Matty sent up a spine-chilling wail.
This wasn’t just the sound of a scared little boy. This was a pain cry. And Wyatt knew with gut-wrenching certainty that Matty was seriously injured.
“Oh, Lord, please. Not Matty,” he breathed.
God had to be there. He just had to listen. Not because of Wyatt, who didn’t deserve a moment’s notice from the Almight
y, but for Matty. The kid was an innocent. He didn’t deserve to be hurt because of Wyatt’s negligence.
He felt like throwing up as he scooped his son into his arms as gently as he could and tried to soothe him with whispered words. Matty had been injured on his watch.
Carolina would never forgive him.
He would never forgive himself.
But despite his own sense of humiliation and disgrace over what had just happened, he didn’t pause at all before running straight for the office.
For Carolina.
She was going to be so, so angry.
But she was a nurse, and Matty’s mom. She would know what to do, how to help him.
Wyatt was beyond thinking rationally. His son was hurt—his beloved son. And it was all his fault. Guilt and shame poured over him like thick, wet cement.
“What happened?” Carolina asked as Wyatt kicked the already partially open door wide with the toe of his boot.
“I goofed up,” Wyatt admitted bluntly. “I goofed up, and now Matty is injured.”
Carolina appeared not to have heard his words. Her eyes—and her full attention—were on Matty.
“Where does it hurt, baby?”
Matty tried to lift up his right arm and then wailed in pain, clutching his hand to his chest. “Owie!”
Wyatt cringed at the sound, and even more when he saw the little boy’s face crumple. It was like a punch in his already churning gut. He wanted to try to explain what had happened and why he had let Matty down, but he knew Carolina wasn’t interested in his excuses.
Not now. Maybe not ever.
Carolina took Matty’s right arm and examined it from his fingertips to his shoulder.

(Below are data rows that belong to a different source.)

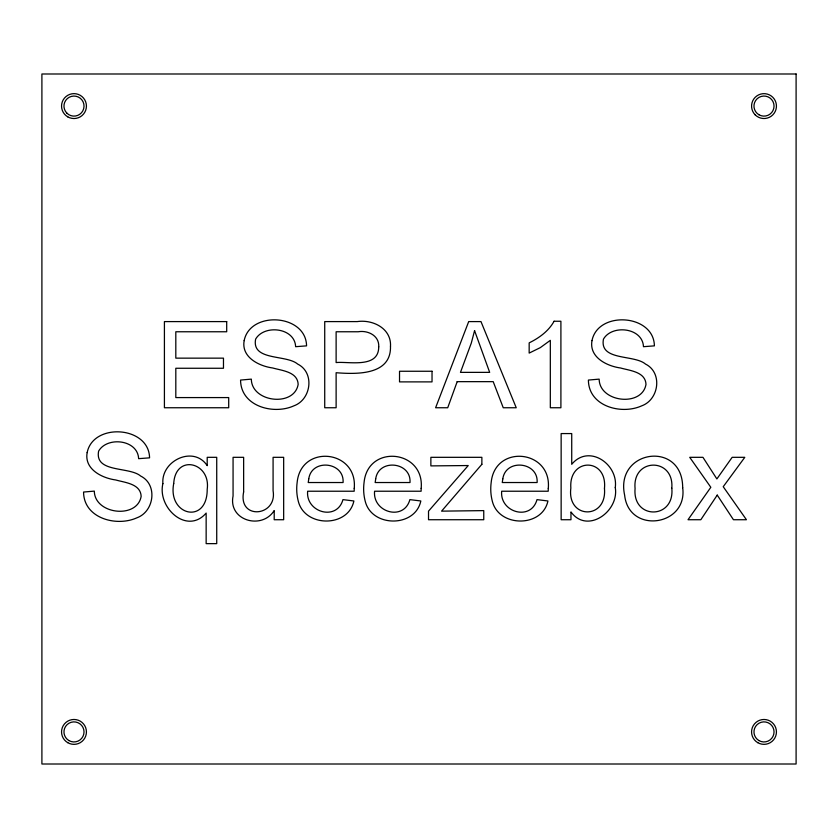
<?xml version="1.0" encoding="UTF-8"?>
<svg xmlns="http://www.w3.org/2000/svg" width="838" height="838" viewBox="0 0 838 838"><rect width="100%" height="100%" fill="white"/><g stroke="black" fill="none" stroke-linecap="round" stroke-linejoin="round"><path stroke-width="1.26" d="M243.638 491.927C237.887 520.388 277.525 516.679 273.083 490.754L273.083 457.318L283.663 457.318L283.663 519.728L274.204 519.728L274.204 510.562C261.844 530.245 228.03 520.555 233.069 495.981L233.069 457.318L243.638 457.318L243.638 491.927M354.233 488.407L354.181 491.225L307.64 491.225C305.577 512.427 336.981 521.446 342.952 499.626L353.887 500.977C348.283 527.605 305.304 527.552 298.412 501.7A48.698 48.698 0 0 1 297.155 482.384C300.947 443.794 357.847 449.807 354.233 488.407M421.168 488.407L421.116 491.225L374.576 491.225C372.512 512.427 403.916 521.446 409.887 499.626L420.823 500.977C415.219 527.605 372.24 527.552 365.337 501.7A48.698 48.698 0 0 1 364.08 482.384C367.882 443.794 424.782 449.807 421.168 488.407M548.282 488.407L548.22 491.225L501.679 491.225C499.616 512.427 531.03 521.446 537.001 499.626L547.926 500.977C542.322 527.605 499.343 527.552 492.451 501.7A48.698 48.698 0 0 1 491.194 482.384C494.986 443.794 551.896 449.807 548.282 488.407M682.677 487.643C687.925 526.159 628.825 534.529 624.624 495.132C614.757 449.66 682.645 439.96 682.677 487.643M173.717 483.495C167.422 515.548 207.311 525.07 207.206 489.287C210.935 462.356 175.519 453.431 173.717 483.495M671.804 488.166C674.957 519.602 632.281 520.052 635.078 488.523C632.114 457.59 674.349 457.213 671.804 488.166M604.46 488.46C607.246 520.094 566.718 519.392 570.846 488.051C568.583 457.37 607.56 457.433 604.46 488.46M162.886 483.599C157.125 507.797 187.115 535.178 206.148 513.086L206.148 543.642L216.728 543.642L216.728 457.318L207.206 457.318L207.206 465.656C193.725 445.114 160.948 460.575 162.886 483.599M615.27 487.58C619.366 511.431 587.197 534.435 570.961 511.913L570.961 519.728L561.146 519.728L561.146 433.571L571.726 433.571L571.726 464.304C588.789 443.648 618.517 464.126 615.27 487.58M378.724 346.869C378.755 368.71 348.818 361.293 336.122 362.561L336.122 331.764L358.161 331.764C367.882 330.046 379.488 335.703 378.724 346.869M87.152 452.614C84.104 469.207 101.953 478.089 115.707 479.965C124.998 482.615 140.616 483.756 141.151 496.337C137.296 519.309 94.568 514.396 94.317 491.11L83.57 492.042C83.674 518.313 116.492 527.081 136.898 517.811C154.202 511.578 157.953 484.584 140.648 476.036C129.335 466.316 94.453 473.114 98.612 451.148C107.044 436.231 137.799 439.479 138.626 458.669L149.562 457.841C149.07 426.008 93.165 422.352 87.152 452.614M244.162 340.626C241.103 357.229 258.963 366.112 272.717 367.987C282.008 370.637 297.616 371.779 298.16 384.359C294.295 407.331 251.568 402.418 251.327 379.132L240.569 380.064C240.684 406.336 273.502 415.103 293.897 405.833C311.212 399.6 314.962 372.606 297.647 364.059C286.334 354.338 251.463 361.136 255.611 339.17C264.043 324.254 294.798 327.501 295.636 346.691L306.561 345.864C306.079 314.03 250.174 310.374 244.162 340.626M591.995 340.626C588.936 357.229 606.796 366.112 620.549 367.987C629.841 370.637 645.449 371.779 645.993 384.359C642.128 407.331 599.4 402.418 599.16 379.132L588.402 380.064C588.517 406.336 621.335 415.103 641.73 405.833C659.035 399.6 662.785 372.606 645.48 364.059C634.167 354.338 599.285 361.136 603.444 339.17C611.876 324.254 642.631 327.501 643.469 346.691L654.394 345.864C653.912 314.03 598.007 310.374 591.995 340.626M390.487 346.513C391.168 375.476 356.119 374.282 336.122 372.721L336.122 407.75L324.725 407.75L324.725 321.593L357.218 321.593C372.91 319.268 391.65 328.559 390.487 346.513M308.761 478.907L308.227 482.531L343.077 482.531C344.533 461.78 311.589 458.292 308.761 478.907M375.696 478.907L375.162 482.531L410.002 482.531C411.458 461.78 378.525 458.292 375.696 478.907M502.8 478.907L502.266 482.531L537.116 482.531C538.572 461.78 505.639 458.292 502.8 478.907M474.57 330.643L471.312 343.046L460.471 372.365L489.675 372.365L474.57 330.643M457.181 381.657L447.722 407.75L435.613 407.75L468.693 321.593L480.981 321.593L516.239 407.75L503.25 407.75L493.205 381.657L457.181 381.657M554.086 321.247C548.628 331.104 539.117 337.997 529.166 342.868L529.166 353.091L540.301 347.634L550.325 340.343L550.325 407.75L560.905 407.75L560.905 321.247L554.086 321.247M717.234 495.101L700.83 519.728L688.019 519.728L710.823 487.287L689.726 457.318L702.946 457.318L716.878 478.938L732.161 457.318L744.793 457.318L723.225 486.7L746.438 519.728L733.449 519.728L717.234 495.101M481.871 464.304L441.563 511.149L483.756 510.614L483.756 519.728L428.522 519.728L428.522 511.149L468.243 465.54L430.868 465.897L430.868 457.318L481.871 457.318L481.871 464.304M796.1 73.995L41.9 73.995L41.9 764.005L796.1 764.005L796.1 73.995M226.7 321.593L164.416 321.593L164.416 407.75L228.701 407.75L228.701 397.579L175.812 397.579L175.812 368.259L223.474 368.259L223.474 358.151L175.812 358.151L175.812 331.764L226.7 331.764L226.7 321.593M432.031 371.255L399.527 371.255L399.527 381.887L432.031 381.887L432.031 371.255M66.904 113.182A10.025 10.025 0 0 0 83.685 108.678A10.025 10.025 0 0 0 71.398 96.401A10.025 10.025 0 0 0 66.904 113.182M68.978 740.603A10.025 10.025 0 0 0 84.02 731.909A10.025 10.025 0 0 0 68.978 723.225A10.025 10.025 0 0 0 68.978 740.603M758.987 114.775A10.025 10.025 0 0 0 774.04 106.091A10.025 10.025 0 0 0 758.987 97.397A10.025 10.025 0 0 0 758.987 114.775M758.987 740.603A10.025 10.025 0 0 0 774.04 731.909A10.025 10.025 0 0 0 758.987 723.225A10.025 10.025 0 0 0 758.987 740.603M757.793 742.688A12.434 12.434 0 0 0 776.438 731.909A12.434 12.434 0 0 0 757.793 721.141A12.434 12.434 0 0 0 757.793 742.688M67.773 116.859A12.434 12.434 0 0 0 86.429 106.091A12.434 12.434 0 0 0 67.773 95.312A12.434 12.434 0 0 0 67.773 116.859M67.773 742.688A12.434 12.434 0 0 0 86.429 731.909A12.434 12.434 0 0 0 67.773 721.141A12.434 12.434 0 0 0 67.773 742.688M755.216 114.879A12.434 12.434 0 0 0 776.019 109.307A12.434 12.434 0 0 0 760.789 94.076A12.434 12.434 0 0 0 755.216 114.879"/></g></svg>
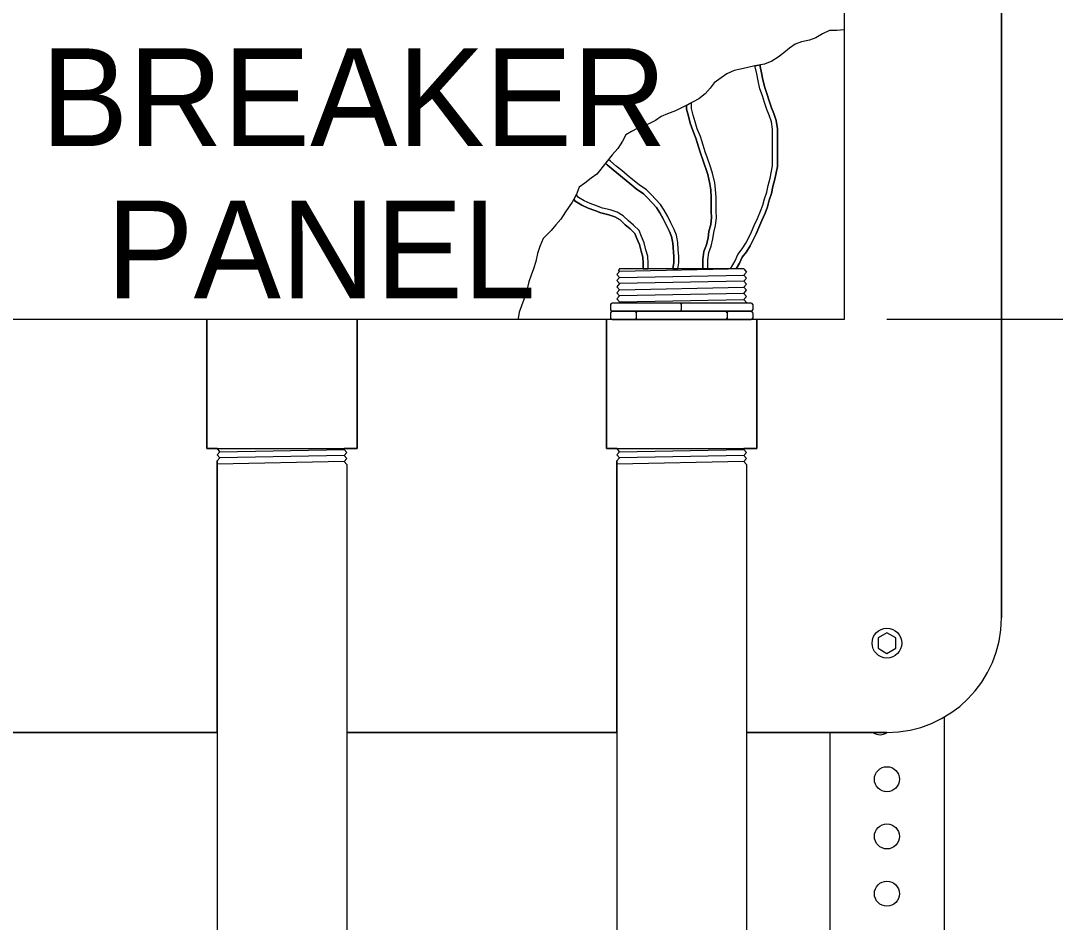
# Model space of a CAD drawing. Extents: x 214739.5 to 214754.8, y 214768.8 to 214778.1.
# Drawn here: x 214743.231 to 214743.944, y 214775.538 to 214776.16 of the extents above; entities that cross this region are included whole.
import ezdxf

# ---------------------------------------------------------------- set-up
doc = ezdxf.new("R2010")
doc.units = 0
for name, color, linetype in [('DT_P_Shading - Light', 7, 'Continuous'), ('SD_P_Dimension Lines', 7, 'Continuous'), ('SD_P_Prop Object Lines', 7, 'Continuous'), ('SD_P_Shading', 7, 'Continuous'), ('V7_LEVEL_1', 7, 'Continuous')]:
    doc.layers.add(name, color=color, linetype=linetype)

msp = doc.modelspace()

# ---------------------------------------------------------------- linework, layer by layer
at = {"layer": 'DT_P_Shading - Light'}
for p, q in [((214743.90691, 214775.74802), (214743.90691, 214776.68605)), ((214743.35913, 214775.86502), (214743.35913, 214775.95386)), ((214743.46273, 214775.95386), (214743.46273, 214775.86502)), ((214743.63463, 214775.86502), (214743.63463, 214775.95386)), ((214743.73823, 214775.95386), (214743.73823, 214775.86502)), ((214743.36653, 214775.86502), (214743.35913, 214775.86502)), ((214743.36807, 214775.86262), (214743.36653, 214775.86502)), ((214743.46273, 214775.86502), (214743.45379, 214775.86502)), ((214743.64203, 214775.86502), (214743.63463, 214775.86502)), ((214743.64357, 214775.86262), (214743.64203, 214775.86502)), ((214743.73823, 214775.86502), (214743.72929, 214775.86502)), ((214743.36627, 214775.86052), (214743.36807, 214775.86262)), ((214743.36807, 214775.85841), (214743.36627, 214775.86052)), ((214743.36627, 214775.85631), (214743.36807, 214775.85841)), ((214743.45379, 214775.86433), (214743.45559, 214775.86223)), ((214743.45559, 214775.86223), (214743.45379, 214775.86013)), ((214743.45379, 214775.86013), (214743.45559, 214775.85802)), ((214743.45559, 214775.85802), (214743.45379, 214775.85592)), ((214743.64177, 214775.86052), (214743.64357, 214775.86262)), ((214743.64357, 214775.85841), (214743.64177, 214775.86052)), ((214743.64177, 214775.85631), (214743.64357, 214775.85841)), ((214743.72929, 214775.86433), (214743.73109, 214775.86223)), ((214743.73109, 214775.86223), (214743.72929, 214775.86013)), ((214743.72929, 214775.86013), (214743.73109, 214775.85802)), ((214743.73109, 214775.85802), (214743.72929, 214775.85592)), ((214743.36627, 214775.85417), (214743.36627, 214775.85631)), ((214743.36627, 214775.66907), (214743.36627, 214775.85417)), ((214743.45379, 214775.85592), (214743.45559, 214775.85382)), ((214743.45559, 214775.85382), (214743.45559, 214775.66907)), ((214743.64177, 214775.85417), (214743.64177, 214775.85631)), ((214743.64177, 214775.66907), (214743.64177, 214775.85417)), ((214743.72929, 214775.85592), (214743.73109, 214775.85382)), ((214743.73109, 214775.85382), (214743.73109, 214775.66907)), ((214743.18009, 214775.66907), (214743.36627, 214775.66907)), ((214743.45559, 214775.66907), (214743.64177, 214775.66907))]:
    msp.add_line(p, q, dxfattribs=at)
for points in [[(214743.0235, 214776.08046), (214743.0235, 214776.14424), (214743.0235, 214776.74336), (214743.79836, 214776.74336), (214743.79836, 214776.15371), (214743.79836, 214775.95386), (214743.73823, 214775.95386)], [(214743.35913, 214775.95386), (214743.21463, 214775.95386), (214743.18723, 214775.95386)], [(214743.63463, 214775.95386), (214743.57379, 214775.95386), (214743.46273, 214775.95386)], [(214743.45379, 214775.86502), (214743.45379, 214775.86433)], [(214743.72929, 214775.86502), (214743.72929, 214775.86433)], [(214743.83413, 214775.73426), (214743.82796, 214775.73782), (214743.8218, 214775.73426), (214743.8218, 214775.72714), (214743.82796, 214775.72358), (214743.83413, 214775.72714), (214743.83413, 214775.73426)], [(214743.73109, 214775.66907), (214743.78849, 214775.66907), (214743.81837, 214775.66907), (214743.82796, 214775.66907)]]:
    msp.add_lwpolyline(points, dxfattribs=at)
msp.add_circle((214743.82796, 214775.7307), 0.01027, dxfattribs=at)
msp.add_arc((214743.82796, 214775.74802), 0.07895, 270, 360, dxfattribs=at)
at = {"layer": 'SD_P_Dimension Lines'}
msp.add_line((214745.19336, 214775.95386), (214743.82796, 214775.95386), dxfattribs=at)
at = {"layer": 'SD_P_Prop Object Lines'}
for p, q in [((214743.64357, 214775.98701), (214743.64177, 214775.9849)), ((214743.64357, 214775.98872), (214743.64283, 214775.98787)), ((214743.64357, 214775.98701), (214743.64283, 214775.98787)), ((214743.72929, 214775.98872), (214743.64357, 214775.98872)), ((214743.72929, 214775.98872), (214743.64357, 214775.98701)), ((214743.72929, 214775.98872), (214743.73109, 214775.98661)), ((214743.72929, 214775.98451), (214743.73109, 214775.98661)), ((214743.64357, 214775.9828), (214743.64177, 214775.9849)), ((214743.64357, 214775.9828), (214743.64177, 214775.9807)), ((214743.64357, 214775.97859), (214743.64177, 214775.9807)), ((214743.64357, 214775.97859), (214743.64177, 214775.97649)), ((214743.64357, 214775.9828), (214743.72929, 214775.98451)), ((214743.72929, 214775.9803), (214743.64357, 214775.97859)), ((214743.72929, 214775.98451), (214743.73109, 214775.98241)), ((214743.72929, 214775.9803), (214743.73109, 214775.98241)), ((214743.72929, 214775.9803), (214743.73109, 214775.9782)), ((214743.64357, 214775.97439), (214743.64177, 214775.97649)), ((214743.64357, 214775.97439), (214743.64177, 214775.97228)), ((214743.64357, 214775.97018), (214743.64177, 214775.97228)), ((214743.64357, 214775.97439), (214743.72929, 214775.9761)), ((214743.72929, 214775.97189), (214743.64357, 214775.97018)), ((214743.72929, 214775.9761), (214743.73109, 214775.9782)), ((214743.72929, 214775.9761), (214743.73109, 214775.974)), ((214743.72929, 214775.97189), (214743.73109, 214775.974)), ((214743.72929, 214775.97189), (214743.73109, 214775.96979)), ((214743.73441, 214775.96518), (214743.63844, 214775.96518)), ((214743.64357, 214775.97018), (214743.64177, 214775.96808)), ((214743.64357, 214775.96597), (214743.64177, 214775.96808)), ((214743.64357, 214775.96597), (214743.64288, 214775.96518)), ((214743.64357, 214775.96597), (214743.72929, 214775.96769)), ((214743.72929, 214775.96769), (214743.73109, 214775.96979)), ((214743.72929, 214775.96769), (214743.73109, 214775.96558)), ((214743.73074, 214775.96518), (214743.73109, 214775.96558)), ((214743.63747, 214775.9642), (214743.63747, 214775.9605)), ((214743.63747, 214775.95854), (214743.63747, 214775.95484)), ((214743.73441, 214775.95952), (214743.63844, 214775.95952)), ((214743.63844, 214775.95952), (214743.73441, 214775.95952)), ((214743.65513, 214775.95854), (214743.65513, 214775.95484)), ((214743.68605, 214775.9642), (214743.68605, 214775.9605)), ((214743.71773, 214775.95854), (214743.71773, 214775.95484)), ((214743.73539, 214775.9642), (214743.73539, 214775.9605)), ((214743.73539, 214775.95854), (214743.73539, 214775.95484)), ((214743.35913, 214775.95386), (214743.35913, 214775.86502)), ((214743.46273, 214775.86502), (214743.46273, 214775.95386)), ((214743.63463, 214775.95386), (214743.63463, 214775.86502)), ((214743.73609, 214775.95386), (214743.63677, 214775.95386)), ((214743.63844, 214775.95386), (214743.73441, 214775.95386)), ((214743.64357, 214775.95386), (214743.72929, 214775.95386)), ((214743.73823, 214775.86502), (214743.73823, 214775.95386)), ((214743.35913, 214775.86502), (214743.46273, 214775.86502)), ((214743.36653, 214775.86502), (214743.36627, 214775.86472)), ((214743.36807, 214775.86262), (214743.36627, 214775.86472)), ((214743.45379, 214775.86433), (214743.45438, 214775.86502)), ((214743.63463, 214775.86502), (214743.73823, 214775.86502)), ((214743.64203, 214775.86502), (214743.64177, 214775.86472)), ((214743.64357, 214775.86262), (214743.64177, 214775.86472)), ((214743.72929, 214775.86433), (214743.72988, 214775.86502)), ((214743.36807, 214775.86262), (214743.36627, 214775.86052)), ((214743.36807, 214775.85841), (214743.36627, 214775.86052)), ((214743.36807, 214775.85841), (214743.36627, 214775.85631)), ((214743.36807, 214775.86262), (214743.45379, 214775.86433)), ((214743.45379, 214775.86013), (214743.36807, 214775.85841)), ((214743.45379, 214775.86433), (214743.45559, 214775.86223)), ((214743.45379, 214775.86013), (214743.45559, 214775.86223)), ((214743.45379, 214775.86013), (214743.45559, 214775.85802)), ((214743.45379, 214775.85592), (214743.45559, 214775.85802)), ((214743.64357, 214775.86262), (214743.64177, 214775.86052)), ((214743.64357, 214775.85841), (214743.64177, 214775.86052)), ((214743.64357, 214775.85841), (214743.64177, 214775.85631)), ((214743.64357, 214775.86262), (214743.72929, 214775.86433)), ((214743.72929, 214775.86013), (214743.64357, 214775.85841)), ((214743.72929, 214775.86433), (214743.73109, 214775.86223)), ((214743.72929, 214775.86013), (214743.73109, 214775.86223)), ((214743.72929, 214775.86013), (214743.73109, 214775.85802)), ((214743.72929, 214775.85592), (214743.73109, 214775.85802)), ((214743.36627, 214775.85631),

“I think he may have fractured his wrist. It might just be a few torn ligaments, but he’s having difficulty moving it. At the very least he has hyperextended his thumb. We’ll have to get his hand x-rayed to know for certain.” She picked up a stray board. “I’m going to stabilize his hand until we can get him to the doctor. I’ll need a roll of gauze.”
She sounded amazingly calm and collected, considering what she was saying, and she expertly wrapped Matty’s arm within minutes.